**INPUT RECORDS**
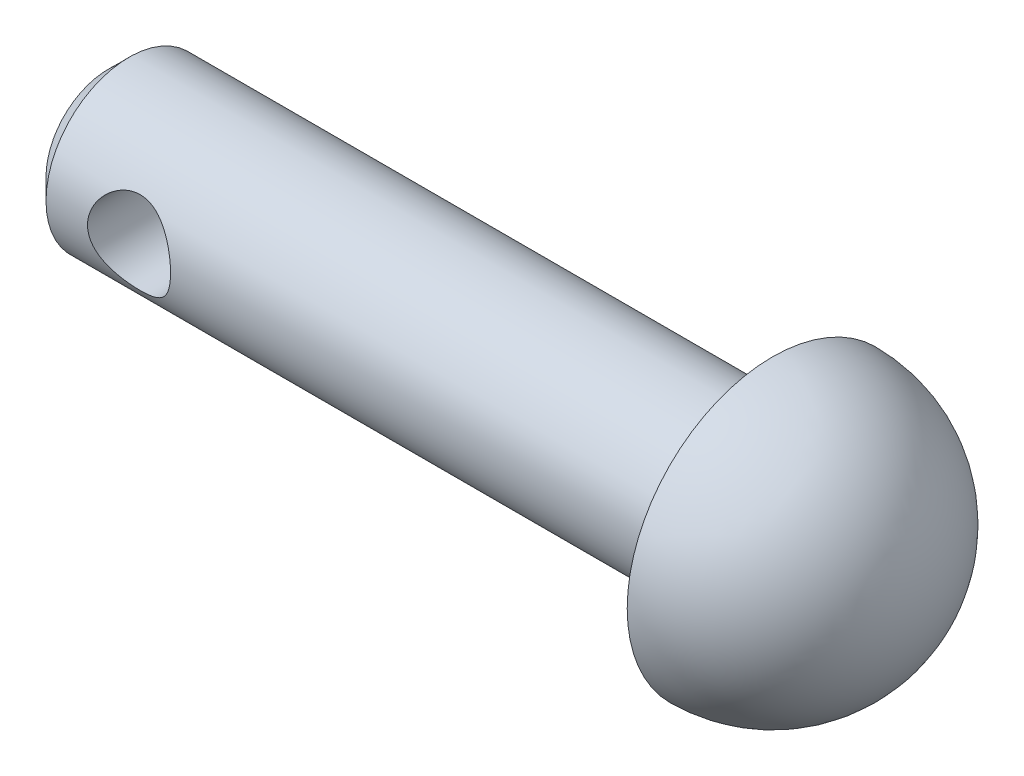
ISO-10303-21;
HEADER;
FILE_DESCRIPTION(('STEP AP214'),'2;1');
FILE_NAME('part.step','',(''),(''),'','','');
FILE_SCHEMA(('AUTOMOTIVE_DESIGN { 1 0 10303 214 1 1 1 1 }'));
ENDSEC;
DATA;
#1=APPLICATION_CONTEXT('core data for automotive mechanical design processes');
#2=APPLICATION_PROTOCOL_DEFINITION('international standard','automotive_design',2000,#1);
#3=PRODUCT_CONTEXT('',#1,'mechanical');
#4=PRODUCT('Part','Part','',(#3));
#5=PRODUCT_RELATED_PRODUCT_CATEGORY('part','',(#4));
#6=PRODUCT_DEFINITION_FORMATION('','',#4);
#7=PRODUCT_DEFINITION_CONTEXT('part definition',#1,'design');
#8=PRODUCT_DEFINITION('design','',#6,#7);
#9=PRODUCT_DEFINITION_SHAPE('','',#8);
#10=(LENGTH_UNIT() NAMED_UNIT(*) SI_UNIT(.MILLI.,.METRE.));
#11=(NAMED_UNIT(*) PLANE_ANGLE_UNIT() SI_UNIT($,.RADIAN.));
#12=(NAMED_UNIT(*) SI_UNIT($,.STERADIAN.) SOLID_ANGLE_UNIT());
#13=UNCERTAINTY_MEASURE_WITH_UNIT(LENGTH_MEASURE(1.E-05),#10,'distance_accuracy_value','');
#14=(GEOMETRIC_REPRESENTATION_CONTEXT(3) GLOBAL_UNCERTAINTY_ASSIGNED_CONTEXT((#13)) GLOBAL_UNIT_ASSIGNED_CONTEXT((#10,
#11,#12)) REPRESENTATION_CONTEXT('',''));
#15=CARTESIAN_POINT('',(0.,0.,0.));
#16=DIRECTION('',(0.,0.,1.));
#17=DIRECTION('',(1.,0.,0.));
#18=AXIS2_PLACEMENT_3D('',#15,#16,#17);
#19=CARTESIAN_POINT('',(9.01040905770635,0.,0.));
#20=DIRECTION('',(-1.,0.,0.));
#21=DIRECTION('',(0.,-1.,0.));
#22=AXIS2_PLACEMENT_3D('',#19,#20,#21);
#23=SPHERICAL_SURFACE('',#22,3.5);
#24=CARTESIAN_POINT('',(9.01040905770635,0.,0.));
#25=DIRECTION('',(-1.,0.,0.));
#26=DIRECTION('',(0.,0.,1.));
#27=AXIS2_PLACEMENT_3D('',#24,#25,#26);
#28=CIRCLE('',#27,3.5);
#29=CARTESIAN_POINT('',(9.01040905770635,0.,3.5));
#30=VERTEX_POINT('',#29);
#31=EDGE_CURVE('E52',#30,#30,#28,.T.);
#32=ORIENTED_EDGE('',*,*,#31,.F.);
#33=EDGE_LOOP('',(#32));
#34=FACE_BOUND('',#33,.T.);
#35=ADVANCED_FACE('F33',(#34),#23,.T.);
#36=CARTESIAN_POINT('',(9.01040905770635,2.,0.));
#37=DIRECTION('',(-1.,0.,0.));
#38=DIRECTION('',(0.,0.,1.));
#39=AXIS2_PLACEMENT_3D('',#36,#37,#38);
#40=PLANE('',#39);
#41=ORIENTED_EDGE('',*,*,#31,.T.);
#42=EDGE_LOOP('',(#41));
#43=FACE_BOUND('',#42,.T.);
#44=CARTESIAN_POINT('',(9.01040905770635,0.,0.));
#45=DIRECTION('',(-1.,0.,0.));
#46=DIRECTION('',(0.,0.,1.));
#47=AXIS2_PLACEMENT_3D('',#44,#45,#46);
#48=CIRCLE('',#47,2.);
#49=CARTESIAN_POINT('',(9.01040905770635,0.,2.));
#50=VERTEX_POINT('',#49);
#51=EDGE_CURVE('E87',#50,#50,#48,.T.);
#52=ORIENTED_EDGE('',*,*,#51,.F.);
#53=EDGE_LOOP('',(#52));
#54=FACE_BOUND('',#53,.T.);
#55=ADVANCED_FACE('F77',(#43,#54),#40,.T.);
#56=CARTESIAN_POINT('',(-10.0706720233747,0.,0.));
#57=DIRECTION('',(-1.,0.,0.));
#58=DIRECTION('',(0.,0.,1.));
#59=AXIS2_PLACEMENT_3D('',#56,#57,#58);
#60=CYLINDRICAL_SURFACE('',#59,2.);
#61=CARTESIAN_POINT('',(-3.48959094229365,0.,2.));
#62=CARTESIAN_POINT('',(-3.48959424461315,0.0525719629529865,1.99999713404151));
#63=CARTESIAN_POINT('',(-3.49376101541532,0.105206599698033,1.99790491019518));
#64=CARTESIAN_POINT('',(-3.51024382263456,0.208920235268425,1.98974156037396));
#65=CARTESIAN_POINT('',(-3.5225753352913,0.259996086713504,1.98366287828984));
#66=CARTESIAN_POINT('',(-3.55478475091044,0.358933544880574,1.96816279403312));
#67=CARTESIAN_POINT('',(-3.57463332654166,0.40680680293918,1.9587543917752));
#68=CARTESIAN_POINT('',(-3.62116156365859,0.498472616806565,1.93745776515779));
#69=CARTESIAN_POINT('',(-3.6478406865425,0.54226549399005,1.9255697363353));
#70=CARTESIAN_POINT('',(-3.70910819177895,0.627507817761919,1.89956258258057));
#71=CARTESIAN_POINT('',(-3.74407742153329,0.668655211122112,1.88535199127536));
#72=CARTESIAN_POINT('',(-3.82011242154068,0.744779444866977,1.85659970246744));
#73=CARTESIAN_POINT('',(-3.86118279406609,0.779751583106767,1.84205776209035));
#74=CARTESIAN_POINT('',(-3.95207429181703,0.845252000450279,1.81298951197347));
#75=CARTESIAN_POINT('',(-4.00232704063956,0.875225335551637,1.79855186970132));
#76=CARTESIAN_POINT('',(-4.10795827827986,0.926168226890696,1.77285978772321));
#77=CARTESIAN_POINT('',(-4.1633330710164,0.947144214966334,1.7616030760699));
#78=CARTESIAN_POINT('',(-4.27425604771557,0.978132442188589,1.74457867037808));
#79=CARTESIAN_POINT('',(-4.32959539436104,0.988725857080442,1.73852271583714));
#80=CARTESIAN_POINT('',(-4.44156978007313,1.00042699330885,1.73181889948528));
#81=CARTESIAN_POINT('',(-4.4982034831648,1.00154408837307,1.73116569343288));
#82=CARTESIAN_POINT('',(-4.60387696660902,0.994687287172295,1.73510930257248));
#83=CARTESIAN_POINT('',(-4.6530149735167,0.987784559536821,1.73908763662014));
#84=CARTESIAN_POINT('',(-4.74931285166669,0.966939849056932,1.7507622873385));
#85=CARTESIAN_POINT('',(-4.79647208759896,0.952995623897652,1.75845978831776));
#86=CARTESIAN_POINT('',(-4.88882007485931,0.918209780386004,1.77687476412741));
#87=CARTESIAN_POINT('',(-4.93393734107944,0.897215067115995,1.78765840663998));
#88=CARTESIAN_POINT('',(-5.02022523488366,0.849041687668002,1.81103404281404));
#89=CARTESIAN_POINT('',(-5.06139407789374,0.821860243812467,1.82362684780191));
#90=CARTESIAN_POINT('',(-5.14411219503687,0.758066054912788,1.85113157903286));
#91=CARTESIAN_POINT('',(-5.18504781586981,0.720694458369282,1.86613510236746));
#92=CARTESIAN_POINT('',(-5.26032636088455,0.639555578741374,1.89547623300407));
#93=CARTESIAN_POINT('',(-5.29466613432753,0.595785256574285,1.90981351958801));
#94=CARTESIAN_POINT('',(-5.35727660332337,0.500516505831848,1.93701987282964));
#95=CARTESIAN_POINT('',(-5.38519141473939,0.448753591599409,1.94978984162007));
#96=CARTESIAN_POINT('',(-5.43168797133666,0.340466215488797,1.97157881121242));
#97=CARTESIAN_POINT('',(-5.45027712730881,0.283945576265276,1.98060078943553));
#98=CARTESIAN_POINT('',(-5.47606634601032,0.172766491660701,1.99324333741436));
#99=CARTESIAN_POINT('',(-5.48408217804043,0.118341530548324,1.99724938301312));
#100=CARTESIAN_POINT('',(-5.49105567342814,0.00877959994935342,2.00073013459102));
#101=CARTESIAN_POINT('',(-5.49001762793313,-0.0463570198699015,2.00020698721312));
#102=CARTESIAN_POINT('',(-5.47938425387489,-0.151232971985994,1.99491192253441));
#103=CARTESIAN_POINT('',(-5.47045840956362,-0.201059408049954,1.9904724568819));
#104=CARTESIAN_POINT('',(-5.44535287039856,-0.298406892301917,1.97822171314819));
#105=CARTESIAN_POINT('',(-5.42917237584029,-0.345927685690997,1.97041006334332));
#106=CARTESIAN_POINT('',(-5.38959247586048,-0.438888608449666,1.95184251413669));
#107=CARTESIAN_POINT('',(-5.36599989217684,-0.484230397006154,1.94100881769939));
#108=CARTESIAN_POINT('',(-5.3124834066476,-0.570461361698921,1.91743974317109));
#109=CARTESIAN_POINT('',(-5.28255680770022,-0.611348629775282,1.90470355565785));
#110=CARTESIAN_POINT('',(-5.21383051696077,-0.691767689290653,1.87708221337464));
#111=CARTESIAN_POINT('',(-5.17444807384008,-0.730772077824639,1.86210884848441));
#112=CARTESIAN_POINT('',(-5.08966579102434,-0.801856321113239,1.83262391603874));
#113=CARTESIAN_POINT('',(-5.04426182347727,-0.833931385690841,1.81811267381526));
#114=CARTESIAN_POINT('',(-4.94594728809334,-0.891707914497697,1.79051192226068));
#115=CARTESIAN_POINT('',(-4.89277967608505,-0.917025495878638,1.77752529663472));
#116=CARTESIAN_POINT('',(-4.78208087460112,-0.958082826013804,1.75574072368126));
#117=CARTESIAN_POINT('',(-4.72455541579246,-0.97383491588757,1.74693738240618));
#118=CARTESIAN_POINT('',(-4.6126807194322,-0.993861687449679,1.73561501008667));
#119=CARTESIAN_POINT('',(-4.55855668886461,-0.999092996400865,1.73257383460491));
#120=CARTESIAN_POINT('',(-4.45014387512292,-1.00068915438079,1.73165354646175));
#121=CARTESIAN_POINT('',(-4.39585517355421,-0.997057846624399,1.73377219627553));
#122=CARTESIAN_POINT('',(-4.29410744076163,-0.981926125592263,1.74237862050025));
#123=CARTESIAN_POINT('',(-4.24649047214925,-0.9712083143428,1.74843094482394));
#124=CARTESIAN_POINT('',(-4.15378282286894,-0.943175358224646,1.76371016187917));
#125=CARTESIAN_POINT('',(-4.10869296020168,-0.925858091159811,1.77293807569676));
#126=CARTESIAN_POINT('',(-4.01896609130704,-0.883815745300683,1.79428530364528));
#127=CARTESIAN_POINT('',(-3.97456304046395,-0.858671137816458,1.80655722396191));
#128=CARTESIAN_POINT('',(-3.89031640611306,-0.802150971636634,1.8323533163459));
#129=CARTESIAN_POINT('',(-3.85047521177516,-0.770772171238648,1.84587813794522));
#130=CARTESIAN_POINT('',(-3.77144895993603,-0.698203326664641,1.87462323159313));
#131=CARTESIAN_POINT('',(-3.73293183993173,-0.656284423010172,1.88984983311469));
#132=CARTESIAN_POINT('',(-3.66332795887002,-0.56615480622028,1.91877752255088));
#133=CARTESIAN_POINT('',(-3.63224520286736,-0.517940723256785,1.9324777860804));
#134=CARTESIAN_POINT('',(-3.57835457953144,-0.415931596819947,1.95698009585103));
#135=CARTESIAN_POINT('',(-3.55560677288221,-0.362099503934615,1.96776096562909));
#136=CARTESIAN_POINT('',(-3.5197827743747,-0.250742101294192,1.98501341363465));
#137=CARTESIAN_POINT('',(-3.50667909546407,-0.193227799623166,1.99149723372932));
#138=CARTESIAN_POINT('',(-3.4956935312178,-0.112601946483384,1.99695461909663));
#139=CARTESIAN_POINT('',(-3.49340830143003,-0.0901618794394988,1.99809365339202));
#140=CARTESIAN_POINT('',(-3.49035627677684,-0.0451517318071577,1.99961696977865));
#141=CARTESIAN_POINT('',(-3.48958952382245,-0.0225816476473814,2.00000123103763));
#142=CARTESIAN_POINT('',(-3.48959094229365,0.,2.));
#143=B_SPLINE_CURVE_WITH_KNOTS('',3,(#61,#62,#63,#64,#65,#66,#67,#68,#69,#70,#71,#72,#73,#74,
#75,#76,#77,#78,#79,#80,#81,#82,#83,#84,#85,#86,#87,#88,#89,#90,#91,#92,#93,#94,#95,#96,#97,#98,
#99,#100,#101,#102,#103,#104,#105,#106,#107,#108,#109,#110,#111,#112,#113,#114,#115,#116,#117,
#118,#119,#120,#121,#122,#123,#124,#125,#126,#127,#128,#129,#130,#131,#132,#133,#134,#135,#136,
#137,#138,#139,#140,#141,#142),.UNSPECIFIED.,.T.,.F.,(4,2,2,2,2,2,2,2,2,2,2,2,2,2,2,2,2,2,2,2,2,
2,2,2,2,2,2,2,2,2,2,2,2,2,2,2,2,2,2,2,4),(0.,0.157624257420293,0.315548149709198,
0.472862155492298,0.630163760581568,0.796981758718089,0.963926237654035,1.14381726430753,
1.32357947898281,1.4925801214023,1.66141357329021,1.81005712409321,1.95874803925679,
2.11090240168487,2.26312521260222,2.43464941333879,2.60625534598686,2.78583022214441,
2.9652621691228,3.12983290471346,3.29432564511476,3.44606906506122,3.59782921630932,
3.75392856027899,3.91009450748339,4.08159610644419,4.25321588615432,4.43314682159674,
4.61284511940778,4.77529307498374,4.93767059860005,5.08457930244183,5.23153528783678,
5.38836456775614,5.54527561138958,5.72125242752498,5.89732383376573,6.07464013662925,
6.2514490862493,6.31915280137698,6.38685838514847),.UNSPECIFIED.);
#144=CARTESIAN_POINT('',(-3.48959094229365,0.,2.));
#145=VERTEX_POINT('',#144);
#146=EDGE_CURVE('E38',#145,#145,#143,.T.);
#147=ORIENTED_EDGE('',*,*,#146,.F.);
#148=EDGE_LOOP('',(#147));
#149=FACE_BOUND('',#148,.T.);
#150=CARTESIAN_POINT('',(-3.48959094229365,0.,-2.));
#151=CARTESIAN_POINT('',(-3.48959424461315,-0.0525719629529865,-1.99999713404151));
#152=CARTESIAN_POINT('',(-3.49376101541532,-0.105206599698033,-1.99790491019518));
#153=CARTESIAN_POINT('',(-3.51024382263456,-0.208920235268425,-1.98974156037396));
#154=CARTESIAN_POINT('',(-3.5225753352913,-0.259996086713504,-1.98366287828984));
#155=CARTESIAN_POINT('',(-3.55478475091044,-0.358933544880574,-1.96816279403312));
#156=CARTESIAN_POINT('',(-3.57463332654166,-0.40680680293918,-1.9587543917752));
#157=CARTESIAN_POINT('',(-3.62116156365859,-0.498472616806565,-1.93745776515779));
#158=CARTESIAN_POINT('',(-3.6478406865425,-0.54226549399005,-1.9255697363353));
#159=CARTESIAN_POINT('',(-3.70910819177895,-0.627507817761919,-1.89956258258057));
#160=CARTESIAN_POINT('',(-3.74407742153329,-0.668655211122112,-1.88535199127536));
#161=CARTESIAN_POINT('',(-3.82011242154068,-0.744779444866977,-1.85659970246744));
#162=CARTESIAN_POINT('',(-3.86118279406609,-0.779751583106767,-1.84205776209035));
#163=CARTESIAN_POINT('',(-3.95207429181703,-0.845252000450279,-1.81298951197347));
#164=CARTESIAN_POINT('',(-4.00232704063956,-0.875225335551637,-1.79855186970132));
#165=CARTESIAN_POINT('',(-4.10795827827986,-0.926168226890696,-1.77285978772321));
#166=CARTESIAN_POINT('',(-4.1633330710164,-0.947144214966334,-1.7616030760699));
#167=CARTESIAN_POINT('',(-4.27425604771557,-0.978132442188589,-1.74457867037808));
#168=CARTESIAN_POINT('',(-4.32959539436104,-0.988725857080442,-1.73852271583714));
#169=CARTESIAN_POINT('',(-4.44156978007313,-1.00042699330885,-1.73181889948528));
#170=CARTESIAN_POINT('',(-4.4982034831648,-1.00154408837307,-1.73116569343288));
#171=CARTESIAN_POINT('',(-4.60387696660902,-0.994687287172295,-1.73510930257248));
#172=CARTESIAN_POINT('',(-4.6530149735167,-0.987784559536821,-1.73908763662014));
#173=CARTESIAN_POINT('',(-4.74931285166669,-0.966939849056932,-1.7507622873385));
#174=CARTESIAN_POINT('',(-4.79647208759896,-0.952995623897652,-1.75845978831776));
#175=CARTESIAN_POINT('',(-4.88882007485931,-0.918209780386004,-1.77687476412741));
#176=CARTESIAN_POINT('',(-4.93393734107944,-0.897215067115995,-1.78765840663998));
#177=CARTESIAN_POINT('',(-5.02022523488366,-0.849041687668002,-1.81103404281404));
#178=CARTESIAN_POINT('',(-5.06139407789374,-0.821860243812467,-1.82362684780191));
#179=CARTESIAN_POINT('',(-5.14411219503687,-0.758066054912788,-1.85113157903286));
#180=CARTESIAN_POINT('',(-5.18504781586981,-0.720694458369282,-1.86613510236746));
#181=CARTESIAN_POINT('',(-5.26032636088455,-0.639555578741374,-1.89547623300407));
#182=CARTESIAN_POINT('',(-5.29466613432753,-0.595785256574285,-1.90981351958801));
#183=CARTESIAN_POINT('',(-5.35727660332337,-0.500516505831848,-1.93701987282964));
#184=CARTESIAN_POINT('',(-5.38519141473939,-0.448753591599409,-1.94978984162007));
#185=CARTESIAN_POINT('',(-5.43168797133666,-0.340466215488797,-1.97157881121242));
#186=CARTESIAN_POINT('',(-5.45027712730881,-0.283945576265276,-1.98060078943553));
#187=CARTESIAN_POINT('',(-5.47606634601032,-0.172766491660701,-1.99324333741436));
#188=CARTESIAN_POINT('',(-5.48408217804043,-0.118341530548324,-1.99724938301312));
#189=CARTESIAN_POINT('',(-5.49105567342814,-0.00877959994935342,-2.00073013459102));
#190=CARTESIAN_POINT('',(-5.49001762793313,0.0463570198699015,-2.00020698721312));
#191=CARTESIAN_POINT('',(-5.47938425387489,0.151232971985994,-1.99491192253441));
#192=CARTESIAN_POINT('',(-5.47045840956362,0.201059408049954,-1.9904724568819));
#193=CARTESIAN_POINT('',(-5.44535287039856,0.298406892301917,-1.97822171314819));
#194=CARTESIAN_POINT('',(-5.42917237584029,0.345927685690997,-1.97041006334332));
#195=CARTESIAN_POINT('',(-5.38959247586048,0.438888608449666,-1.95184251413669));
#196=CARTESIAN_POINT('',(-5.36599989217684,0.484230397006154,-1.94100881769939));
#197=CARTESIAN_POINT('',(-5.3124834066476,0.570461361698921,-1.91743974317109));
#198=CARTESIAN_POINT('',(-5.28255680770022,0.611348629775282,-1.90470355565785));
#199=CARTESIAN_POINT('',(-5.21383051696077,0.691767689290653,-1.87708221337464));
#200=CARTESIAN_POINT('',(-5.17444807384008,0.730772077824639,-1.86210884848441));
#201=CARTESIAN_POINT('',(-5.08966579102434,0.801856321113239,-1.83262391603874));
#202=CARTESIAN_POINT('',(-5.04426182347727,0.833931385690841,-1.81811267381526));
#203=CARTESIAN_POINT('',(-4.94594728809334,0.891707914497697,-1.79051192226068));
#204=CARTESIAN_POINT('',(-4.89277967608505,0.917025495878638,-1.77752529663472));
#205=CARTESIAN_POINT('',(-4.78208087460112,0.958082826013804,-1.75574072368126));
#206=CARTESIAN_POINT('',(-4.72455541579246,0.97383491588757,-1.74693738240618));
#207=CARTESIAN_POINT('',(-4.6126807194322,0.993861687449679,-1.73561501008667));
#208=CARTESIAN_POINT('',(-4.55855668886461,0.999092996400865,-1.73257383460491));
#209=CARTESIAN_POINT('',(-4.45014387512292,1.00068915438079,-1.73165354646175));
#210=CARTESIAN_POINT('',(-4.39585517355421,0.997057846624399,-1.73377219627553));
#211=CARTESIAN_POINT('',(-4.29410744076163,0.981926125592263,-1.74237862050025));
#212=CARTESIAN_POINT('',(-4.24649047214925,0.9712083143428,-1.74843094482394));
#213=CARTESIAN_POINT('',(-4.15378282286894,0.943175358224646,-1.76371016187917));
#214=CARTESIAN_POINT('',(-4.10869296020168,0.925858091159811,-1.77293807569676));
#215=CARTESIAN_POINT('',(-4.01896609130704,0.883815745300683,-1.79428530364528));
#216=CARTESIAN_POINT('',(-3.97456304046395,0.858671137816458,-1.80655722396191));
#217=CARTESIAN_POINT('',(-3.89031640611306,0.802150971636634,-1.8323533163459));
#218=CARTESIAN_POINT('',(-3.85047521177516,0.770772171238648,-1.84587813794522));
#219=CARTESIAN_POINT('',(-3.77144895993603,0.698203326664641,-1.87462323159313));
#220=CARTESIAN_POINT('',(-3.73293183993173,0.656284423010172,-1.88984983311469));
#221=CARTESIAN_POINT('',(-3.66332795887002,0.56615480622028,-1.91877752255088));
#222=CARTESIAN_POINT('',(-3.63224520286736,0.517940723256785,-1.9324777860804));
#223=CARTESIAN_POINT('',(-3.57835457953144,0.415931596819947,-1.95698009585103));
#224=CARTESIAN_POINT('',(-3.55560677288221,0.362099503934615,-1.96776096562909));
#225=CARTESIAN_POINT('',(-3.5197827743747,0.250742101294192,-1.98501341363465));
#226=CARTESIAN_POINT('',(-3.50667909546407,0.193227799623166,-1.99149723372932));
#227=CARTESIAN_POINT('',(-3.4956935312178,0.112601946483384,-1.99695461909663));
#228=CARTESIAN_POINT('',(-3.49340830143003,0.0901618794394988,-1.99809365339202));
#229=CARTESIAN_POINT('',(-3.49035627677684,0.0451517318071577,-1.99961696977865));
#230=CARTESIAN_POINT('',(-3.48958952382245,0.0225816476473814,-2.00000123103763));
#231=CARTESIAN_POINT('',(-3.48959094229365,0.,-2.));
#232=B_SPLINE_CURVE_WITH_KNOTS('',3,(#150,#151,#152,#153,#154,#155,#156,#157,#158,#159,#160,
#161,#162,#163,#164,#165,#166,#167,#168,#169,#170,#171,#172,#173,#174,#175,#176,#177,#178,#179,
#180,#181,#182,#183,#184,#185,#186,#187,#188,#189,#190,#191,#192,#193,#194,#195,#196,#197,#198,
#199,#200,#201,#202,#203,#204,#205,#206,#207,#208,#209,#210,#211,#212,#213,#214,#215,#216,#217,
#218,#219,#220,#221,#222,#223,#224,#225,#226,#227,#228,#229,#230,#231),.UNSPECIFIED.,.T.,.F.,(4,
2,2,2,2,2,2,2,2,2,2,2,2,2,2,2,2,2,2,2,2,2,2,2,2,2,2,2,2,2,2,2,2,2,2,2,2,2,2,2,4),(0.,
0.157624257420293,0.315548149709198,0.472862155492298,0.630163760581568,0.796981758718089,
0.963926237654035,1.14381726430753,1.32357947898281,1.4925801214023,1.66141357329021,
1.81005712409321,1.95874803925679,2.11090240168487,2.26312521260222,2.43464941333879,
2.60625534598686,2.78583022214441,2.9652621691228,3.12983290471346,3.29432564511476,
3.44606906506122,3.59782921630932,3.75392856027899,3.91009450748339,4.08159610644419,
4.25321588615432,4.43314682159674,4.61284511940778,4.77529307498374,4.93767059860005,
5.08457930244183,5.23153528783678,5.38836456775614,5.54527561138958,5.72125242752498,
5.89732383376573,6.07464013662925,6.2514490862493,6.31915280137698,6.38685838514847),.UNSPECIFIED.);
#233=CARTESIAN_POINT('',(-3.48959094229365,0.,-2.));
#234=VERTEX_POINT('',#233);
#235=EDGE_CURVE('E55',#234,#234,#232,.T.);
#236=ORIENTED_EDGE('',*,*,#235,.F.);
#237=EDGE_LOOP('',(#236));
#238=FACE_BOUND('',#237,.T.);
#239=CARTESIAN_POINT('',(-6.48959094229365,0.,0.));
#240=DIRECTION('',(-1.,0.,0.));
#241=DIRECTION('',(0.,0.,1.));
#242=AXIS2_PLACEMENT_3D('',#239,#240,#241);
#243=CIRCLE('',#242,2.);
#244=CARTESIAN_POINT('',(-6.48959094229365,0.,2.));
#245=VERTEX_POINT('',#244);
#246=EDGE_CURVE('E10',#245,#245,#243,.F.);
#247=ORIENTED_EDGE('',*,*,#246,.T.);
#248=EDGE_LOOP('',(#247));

**TO DO**
Leave out every line above except those from the line with "#233=CARTESIAN_POINT('',(-3.48959094229365,0.,-2.));" up to and including the line with "#242=AXIS2_PLACEMENT_3D('',#239,#240,#241);", and copy those exactly.

**EXERCISE RESPONSE**
#233=CARTESIAN_POINT('',(-3.48959094229365,0.,-2.));
#234=VERTEX_POINT('',#233);
#235=EDGE_CURVE('E55',#234,#234,#232,.T.);
#236=ORIENTED_EDGE('',*,*,#235,.F.);
#237=EDGE_LOOP('',(#236));
#238=FACE_BOUND('',#237,.T.);
#239=CARTESIAN_POINT('',(-6.48959094229365,0.,0.));
#240=DIRECTION('',(-1.,0.,0.));
#241=DIRECTION('',(0.,0.,1.));
#242=AXIS2_PLACEMENT_3D('',#239,#240,#241);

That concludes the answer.